Further reforms have been made difficult by opposition from the state sector, which has been enriched by close ties to the government and lack of competition.

In acknowledgement of private firms, China will allow private capital to take equity stakes in state-funded projects, Xinhua said, but gave no proportion.

China will also allow the set up of smaller banks and financial institutions using private funds, the document said. The country currently has just a handful of private banks.

In the financial sphere, China will push forward liberalisation of its interest rates and free convertibility of its yuan currency, the document said.

"The reform plan is very ambitious," said Wang Tao, an economist for UBS in Hong Kong.

"The implications for the economy and for the market depend crucially on the implementation," he said in a research note.

China currently sets deposit rates by administrative order, but the central bank began allowing banks to decide their own lending rates in July in a long-awaited move.

Beijing has repeatedly said it would push forward convertibility of the yuan -- allowing the currency to be freely bought and sold, and with it the movement of funds into and out of China.

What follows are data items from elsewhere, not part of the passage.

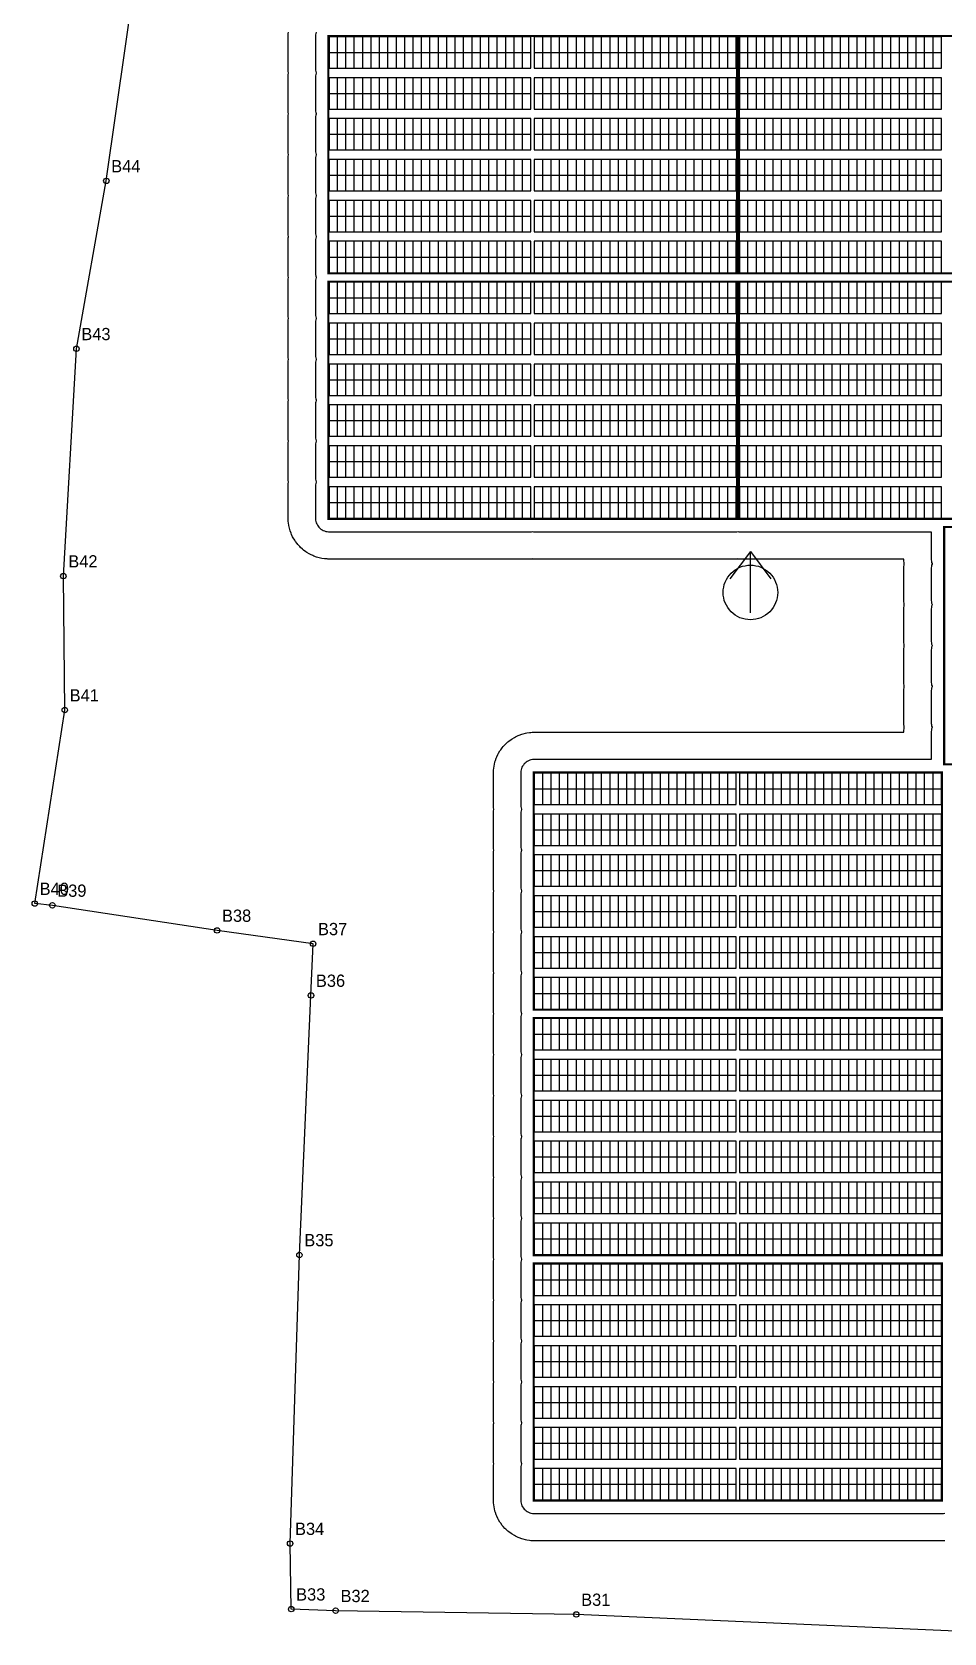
# Model space of a CAD drawing. Header units: metres. Extents: x 434302 to 507065, y 1937737 to 2381091.
# Drawn here: x 434697.6 to 434831.3, y 2380280.8 to 2380515.6 of the extents above; entities that cross this region are included whole.
import ezdxf
from ezdxf.enums import TextEntityAlignment as Align

# ---------------------------------------------------------------- set-up
doc = ezdxf.new("R2010")
doc.units = ezdxf.units.M
for name, color, linetype in [('BOUNDARY', 7, 'Continuous'), ('BOUNDARY_POINTS', 7, 'Continuous'), ('EXCLUSIONS', 1, 'Continuous'), ('GROUP_BOUNDARY', 1, 'Continuous'), ('LIGHTNING_ARRESTER', 3, 'Continuous'), ('MODULES', 5, 'Continuous'), ('PV_TABLES', 3, 'Continuous'), ('SERVICE_ROAD', 1, 'Continuous')]:
    doc.layers.add(name, color=color, linetype=linetype)

# ---------------------------------------------------------------- blocks, each defined once
blk = doc.blocks.new('PV_TABLE_2P28')
at = {"layer": 'MODULES'}
for p, q in [((1.23333, 0), (1.23333, 4.6)), ((2.46666, 0), (2.46666, 4.6)), ((3.69999, 0), (3.69999, 4.6)), ((4.93332, 0), (4.93332, 4.6)), ((6.16665, 0), (6.16665, 4.6)), ((7.39998, 0), (7.39998, 4.6)), ((8.63331, 0), (8.63331, 4.6)), ((9.86664, 0), (9.86664, 4.6)), ((11.09997, 0), (11.09997, 4.6)), ((12.3333, 0), (12.3333, 4.6)), ((13.56663, 0), (13.56663, 4.6)), ((14.79996, 0), (14.79996, 4.6)), ((16.03329, 0), (16.03329, 4.6)), ((17.26662, 0), (17.26662, 4.6)), ((18.49995, 0), (18.49995, 4.6)), ((19.73328, 0), (19.73328, 4.6)), ((20.96661, 0), (20.96661, 4.6)), ((22.19994, 0), (22.19994, 4.6)), ((23.43327, 0), (23.43327, 4.6)), ((24.6666, 0), (24.6666, 4.6)), ((25.89993, 0), (25.89993, 4.6)), ((27.13326, 0), (27.13326, 4.6)), ((28.36659, 0), (28.36659, 4.6)), ((0, 2.3), (29.59992, 2.3))]:
    blk.add_line(p, q, dxfattribs=at)
blk.add_lwpolyline([(0, 0), (29.59992, 0), (29.59992, 4.6), (0, 4.6)], close=True, dxfattribs=at)

msp = doc.modelspace()

# ---------------------------------------------------------------- linework, layer by layer
at = {"layer": 'BOUNDARY'}
msp.add_lwpolyline([(434838.63, 2380280.76), (434777.4, 2380283.48), (434742.1, 2380284.03), (434735.59, 2380284.26), (434735.43, 2380293.88), (434736.79, 2380336.21), (434738.49, 2380374.27), (434738.8, 2380381.85), (434724.72, 2380383.81), (434700.56, 2380387.48), (434697.98, 2380387.75), (434702.39, 2380416.13), (434702.18, 2380435.78), (434704.09, 2380469.12), (434708.47, 2380493.74), (434725.81, 2380614.69)], dxfattribs=at)
at = {"layer": 'BOUNDARY_POINTS'}
for centre in [(434708.47, 2380493.74), (434704.09, 2380469.12), (434702.18, 2380435.78), (434702.39, 2380416.13), (434697.98, 2380387.75), (434700.56, 2380387.48), (434724.72, 2380383.81), (434738.8, 2380381.85), (434738.49, 2380374.27), (434736.79, 2380336.21), (434735.43, 2380293.88), (434735.59, 2380284.26), (434742.1, 2380284.03), (434777.4, 2380283.48)]:
    msp.add_circle(centre, 0.4, dxfattribs=at)
at = {"layer": 'EXCLUSIONS'}
msp.add_lwpolyline([(434806.93, 2380433.38), (434806.91, 2380432.99), (434806.85, 2380432.6), (434806.76, 2380432.22), (434806.62, 2380431.85), (434806.46, 2380431.49), (434806.25, 2380431.16), (434806.02, 2380430.84), (434805.76, 2380430.55), (434805.47, 2380430.29), (434805.15, 2380430.05), (434804.81, 2380429.85), (434804.46, 2380429.68), (434804.09, 2380429.55), (434803.71, 2380429.46), (434803.32, 2380429.4), (434802.93, 2380429.38), (434802.54, 2380429.4), (434802.15, 2380429.46), (434801.77, 2380429.55), (434801.4, 2380429.68), (434801.04, 2380429.85), (434800.71, 2380430.05), (434800.39, 2380430.29), (434800.1, 2380430.55), (434799.84, 2380430.84), (434799.6, 2380431.16), (434799.4, 2380431.49), (434799.23, 2380431.85), (434799.1, 2380432.22), (434799.01, 2380432.6), (434798.95, 2380432.99), (434798.93, 2380433.38), (434798.95, 2380433.77), (434799.01, 2380434.16), (434799.1, 2380434.54), (434799.23, 2380434.91), (434799.4, 2380435.26), (434799.6, 2380435.6), (434799.84, 2380435.92), (434800.1, 2380436.21), (434800.39, 2380436.47), (434800.71, 2380436.7), (434801.04, 2380436.91), (434801.4, 2380437.07), (434801.77, 2380437.21), (434802.15, 2380437.3), (434802.54, 2380437.36), (434802.93, 2380437.38), (434803.32, 2380437.36), (434803.71, 2380437.3), (434804.09, 2380437.21), (434804.46, 2380437.07), (434804.81, 2380436.91), (434805.15, 2380436.7), (434805.47, 2380436.47), (434805.76, 2380436.21), (434806.02, 2380435.92), (434806.25, 2380435.6), (434806.46, 2380435.26), (434806.62, 2380434.91), (434806.76, 2380434.54), (434806.85, 2380434.16), (434806.91, 2380433.77), (434806.93, 2380433.38)], close=True, dxfattribs=at)
at = {"layer": 'GROUP_BOUNDARY', "color": 5, "lineweight": 211, "true_color": 0x0080ff, "const_width": 0.3}
for points in [[(434800.94, 2380480.18), (434741.04, 2380480.18), (434741.04, 2380514.98), (434800.94, 2380514.98), (434800.94, 2380480.18)], [(434861.14, 2380444.18), (434801.24, 2380444.18), (434801.24, 2380478.98), (434861.14, 2380478.98), (434861.14, 2380444.18)], [(434891.24, 2380408.18), (434831.34, 2380408.18), (434831.34, 2380442.98), (434891.24, 2380442.98), (434891.24, 2380408.18)], [(434831.04, 2380336.18), (434771.14, 2380336.18), (434771.14, 2380370.98), (434831.04, 2380370.98), (434831.04, 2380336.18)]]:
    msp.add_lwpolyline(points, close=True, dxfattribs=at)
at = {"layer": 'GROUP_BOUNDARY', "color": 1, "lineweight": 211, "true_color": 0xff0000, "const_width": 0.3}
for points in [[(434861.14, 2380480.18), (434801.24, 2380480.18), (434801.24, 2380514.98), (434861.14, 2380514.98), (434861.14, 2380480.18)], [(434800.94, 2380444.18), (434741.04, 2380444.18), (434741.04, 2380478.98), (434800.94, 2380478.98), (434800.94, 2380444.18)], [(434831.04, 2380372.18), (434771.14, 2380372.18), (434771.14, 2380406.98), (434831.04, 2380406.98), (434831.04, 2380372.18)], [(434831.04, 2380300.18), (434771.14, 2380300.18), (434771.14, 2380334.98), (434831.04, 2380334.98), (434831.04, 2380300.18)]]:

The government keeps a tight grip on the capital account -- investment and financial transactions, rather than those related to trade -- over worries that unpredictable inflows or outflows could harm the economy and reduce its control over it.

In an indication of looser control on capital flows, China will allow more overseas investment by companies and individuals.

Beijing has encouraged companies to make foreign acquisitions to find supplies of raw materials and secure market access.

Farmers will be granted rights to "possess, use, benefit from and transfer their contracted land, as well as the right to use their land ownership as a collateral or guarantee", Xinhua said.

At present all land in China is owned by the state, with farmers only granted the right to till the soil in their area, rather than freehold possession.

The move could enable tens of millions of farmers to cash in on the value of their land, and invest in new businesses or move to the cities, with authorities pushing urbanisation as a way to raise living standards.

The government will also expand a number of existing reforms now being carried out on a limited basis, including setting up more free trade zones, the document showed.

China opened a free trade zone in the commercial city of Shanghai in late September, pledging to liberalise not only trade but also investment.

The document hinted that a property tax, now levied in only two cities, could be expanded to more locations but gave no timetable.

High property prices are a major source of discontent among citizens, and authorities have sought for more than three years to control their rise.

Cash-strapped local governments will also be allowed to issue bonds, the document said. China currently allows just a few cities, including Shanghai, to issue municipal bonds.